Stored items
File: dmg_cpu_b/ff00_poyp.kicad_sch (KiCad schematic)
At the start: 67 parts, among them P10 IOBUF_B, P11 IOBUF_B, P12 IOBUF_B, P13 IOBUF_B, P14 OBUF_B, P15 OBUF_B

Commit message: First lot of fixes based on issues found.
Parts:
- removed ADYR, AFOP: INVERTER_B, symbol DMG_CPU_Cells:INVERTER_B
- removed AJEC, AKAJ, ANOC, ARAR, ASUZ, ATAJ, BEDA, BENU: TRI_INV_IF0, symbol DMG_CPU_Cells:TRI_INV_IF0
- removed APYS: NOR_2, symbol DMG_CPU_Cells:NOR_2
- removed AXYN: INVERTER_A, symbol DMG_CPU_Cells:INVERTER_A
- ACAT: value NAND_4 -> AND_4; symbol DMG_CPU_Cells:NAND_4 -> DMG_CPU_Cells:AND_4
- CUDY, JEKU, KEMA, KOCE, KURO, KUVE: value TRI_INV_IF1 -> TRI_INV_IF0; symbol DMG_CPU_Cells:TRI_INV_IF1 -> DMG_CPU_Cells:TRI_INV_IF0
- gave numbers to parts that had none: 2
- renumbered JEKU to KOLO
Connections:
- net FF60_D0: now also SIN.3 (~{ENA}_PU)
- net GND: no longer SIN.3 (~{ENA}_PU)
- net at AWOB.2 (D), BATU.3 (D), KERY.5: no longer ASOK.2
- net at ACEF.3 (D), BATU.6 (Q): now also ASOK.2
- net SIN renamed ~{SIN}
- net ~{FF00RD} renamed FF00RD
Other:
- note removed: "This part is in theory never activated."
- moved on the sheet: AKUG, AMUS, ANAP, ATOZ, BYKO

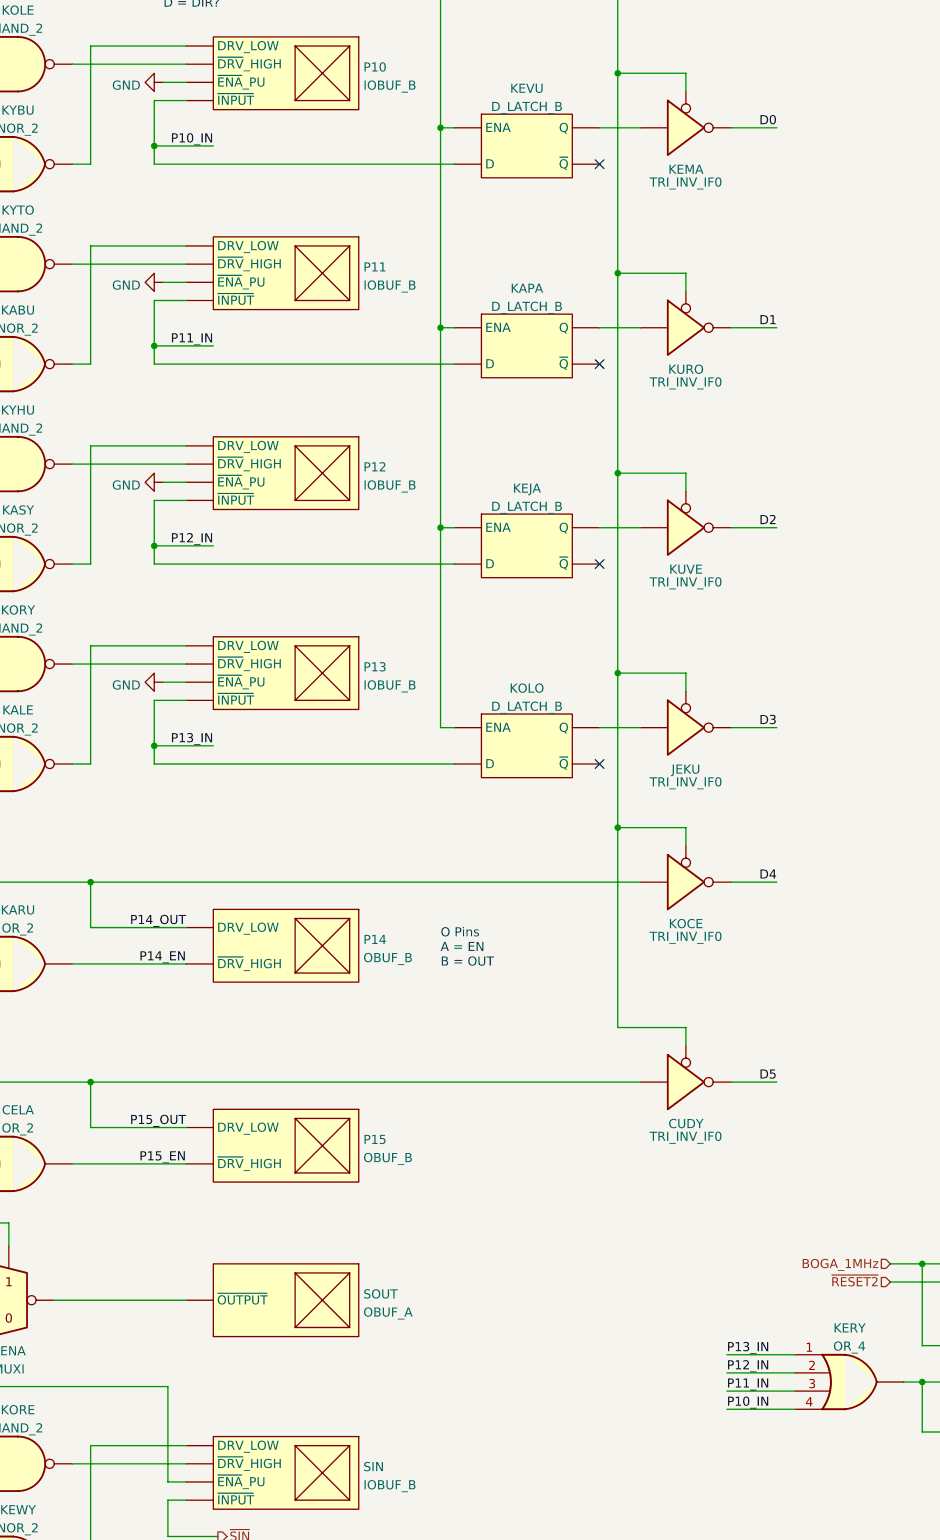
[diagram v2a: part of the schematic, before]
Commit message: CH1 SWEEP page added.
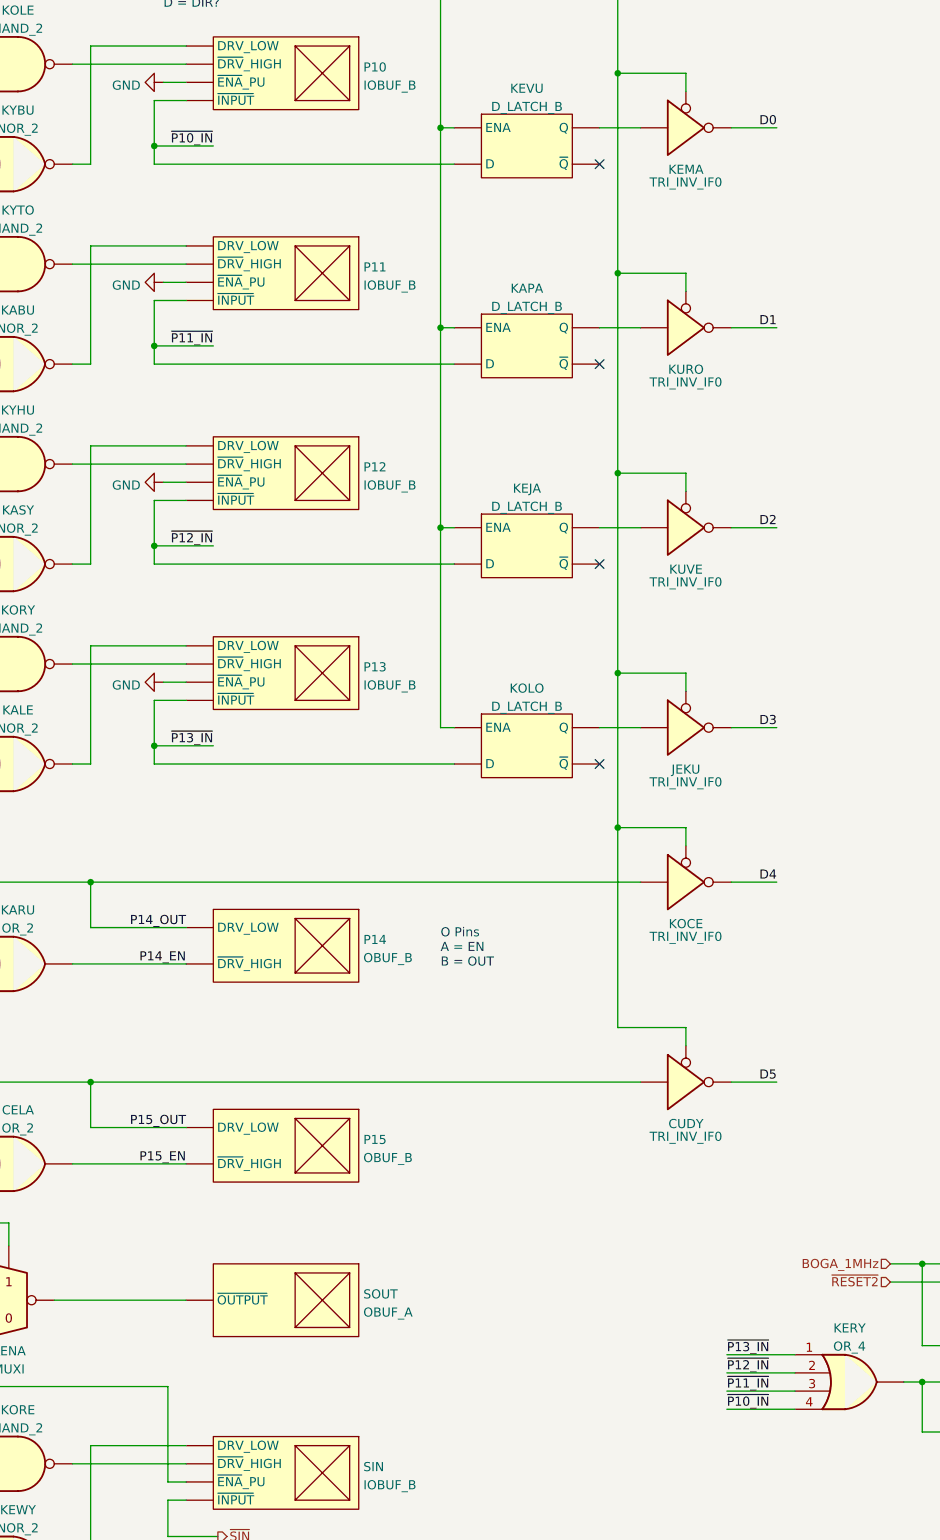
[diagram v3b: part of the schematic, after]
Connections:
- net P10_IN renamed ~{P10_IN}
- net P11_IN renamed ~{P11_IN}
- net P12_IN renamed ~{P12_IN}
- net P13_IN renamed ~{P13_IN}
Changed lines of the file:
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@@
     (effects (font (size 1.27 1.27)) (justify left bottom))
   )
-  (label "P13_IN" (at 184.15 226.695 0)
+  (label "~{P13_IN}" (at 184.15 226.695 0)
     (effects (font (size 1.27 1.27)) (justify left bottom))
   )
-  (label "P11_IN" (at 184.15 231.775 0)
+  (label "~{P11_IN}" (at 184.15 231.775 0)
     (effects (font (size 1.27 1.27)) (justify left bottom))
   )
@@
     (effects (font (size 1.27 1.27)) (justify right bottom))
   )
-  (label "P12_IN" (at 184.15 229.235 0)
+  (label "~{P12_IN}" (at 184.15 229.235 0)
     (effects (font (size 1.27 1.27)) (justify left bottom))
   )
-  (label "P11_IN" (at 112.395 85.725 180)
+  (label "~{P11_IN}" (at 112.395 85.725 180)
     (effects (font (size 1.27 1.27)) (justify right bottom))
   )
@@
     (effects (font (size 1.27 1.27)) (justify right bottom))
   )
-  (label "P13_IN" (at 112.395 141.605 180)
+  (label "~{P13_IN}" (at 112.395 141.605 180)
     (effects (font (size 1.27 1.27)) (justify right bottom))
   )
@@
     (effects (font (size 1.27 1.27)) (justify left bottom))
   )
-  (label "P10_IN" (at 184.15 234.315 0)
+  (label "~{P10_IN}" (at 184.15 234.315 0)
     (effects (font (size 1.27 1.27)) (justify left bottom))
   )
@@
     (effects (font (size 1.27 1.27)) (justify right bottom))
   )
-  (label "P10_IN" (at 112.395 57.785 180)
+  (label "~{P10_IN}" (at 112.395 57.785 180)
     (effects (font (size 1.27 1.27)) (justify right bottom))
   )
@@
     (effects (font (size 1.27 1.27)) (justify left bottom))
   )
-  (label "P12_IN" (at 112.395 113.665 180)
+  (label "~{P12_IN}" (at 112.395 113.665 180)
     (effects (font (size 1.27 1.27)) (justify right bottom))
   )

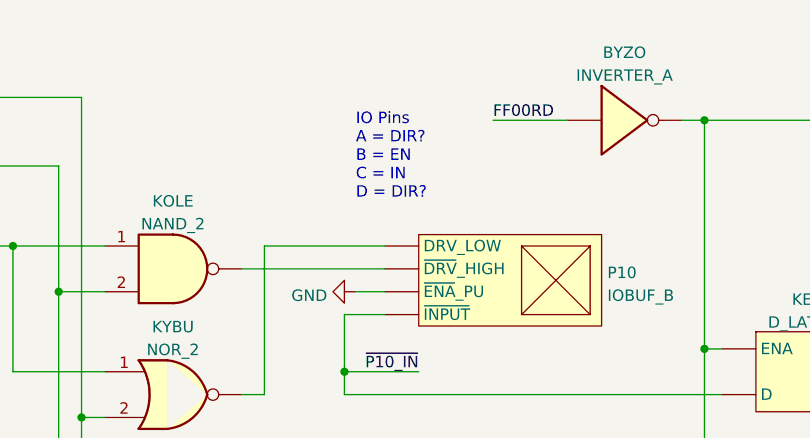
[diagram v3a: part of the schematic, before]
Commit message: fixes made following review
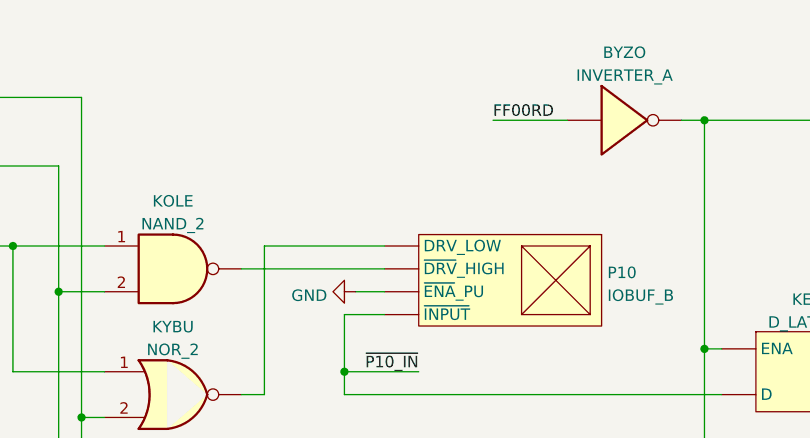
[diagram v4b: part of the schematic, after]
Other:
- note removed: "IO Pins A = DIR? B = EN C = IN D = DIR?"
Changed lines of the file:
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@@
-    (effects (font (size 1.27 1.27)) (justify left bottom))
-  )
-  (text "IO Pins\nA = DIR?\nB = EN\nC = IN\nD = DIR?" (at 105.41 38.735 0)
     (effects (font (size 1.27 1.27)) (justify left bottom))
   )

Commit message: VRAM interface sheet added but various edits in existing sheets. Notable merge of RESET, CLOCKS and FF04 DIV sheets
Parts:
- added AMUT, BURO: DFFR_B2, symbol DMG_CPU_Cells:DFFR_B2
- added APER: NAND_5, symbol DMG_CPU_Cells:NAND_5
- added APET: OR_2, symbol DMG_CPU_Cells:OR_2
- renumbered KEWY to KYWE
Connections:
- net A5: now also APER.2
- net A6: now also APER.3
- net CPU_WR: now also APER.4
- net D0: now also BURO.3 (D)
- net D1: now also AMUT.3 (D)
- net FF60_D0: now also BURO.6 (Q)
- net ~{RESET2}: now also AMUT.2 (~{RESET}), AMUT.4 (~{RESET}), BURO.2 (~{RESET}), BURO.4 (~{RESET})
- net ANAP renamed FF00_FF20_FF40_FF60
- net FF00_FF20_FF40_FF60: now also APER.5
- net TO_CPU2 renamed CPU_WAKEUP
- new net: APER.1, APET.3
- new net FF60WR: AMUT.1 (CLK), APER.6, BURO.1 (CLK)
- new net FF60_D1: AMUT.6 (Q)
- new net T1~{T2}: APET.2
- new net ~{T1}T2: APET.1
- no-connect marks 17 -> 19
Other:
- note added: "FF00 JP"
- note added: "FF60"
- note added: "FF60 - Only writable when in test mode T1 xor T2"
- moved on the sheet: ACAT, ACEF, AGEM, AKUG, APUG, ASOK, ATOZ, AWOB, BATU, BYKO, BYZO, CELA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

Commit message: Minor tweaks to help with clarity.
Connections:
- net T1~{T2}: now also APET.1; no longer APET.2
- net ~{T1}T2: now also APET.2; no longer APET.1
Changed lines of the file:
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@@
     (effects (font (size 1.27 1.27)) (justify left))
   )
-  (hierarchical_label "~{T1}T2" (shape input) (at 87.63 234.315 180)
+  (hierarchical_label "T1~{T2}" (shape input) (at 87.63 234.315 180)
     (effects (font (size 1.27 1.27)) (justify right))
   )
-  (hierarchical_label "T1~{T2}" (shape input) (at 87.63 239.395 180)
+  (hierarchical_label "~{T1}T2" (shape input) (at 87.63 239.395 180)
     (effects (font (size 1.27 1.27)) (justify right))
   )

**ACTION ITEM**
Check every line of the entries above, and copy those that carry the string "note".

**ANSWER TO THIS PROBLEM**
- note removed: "This part is in theory never activated."
- note removed: "IO Pins A = DIR? B = EN C = IN D = DIR?"
- note added: "FF00 JP"
- note added: "FF60"
- note added: "FF60 - Only writable when in test mode T1 xor T2"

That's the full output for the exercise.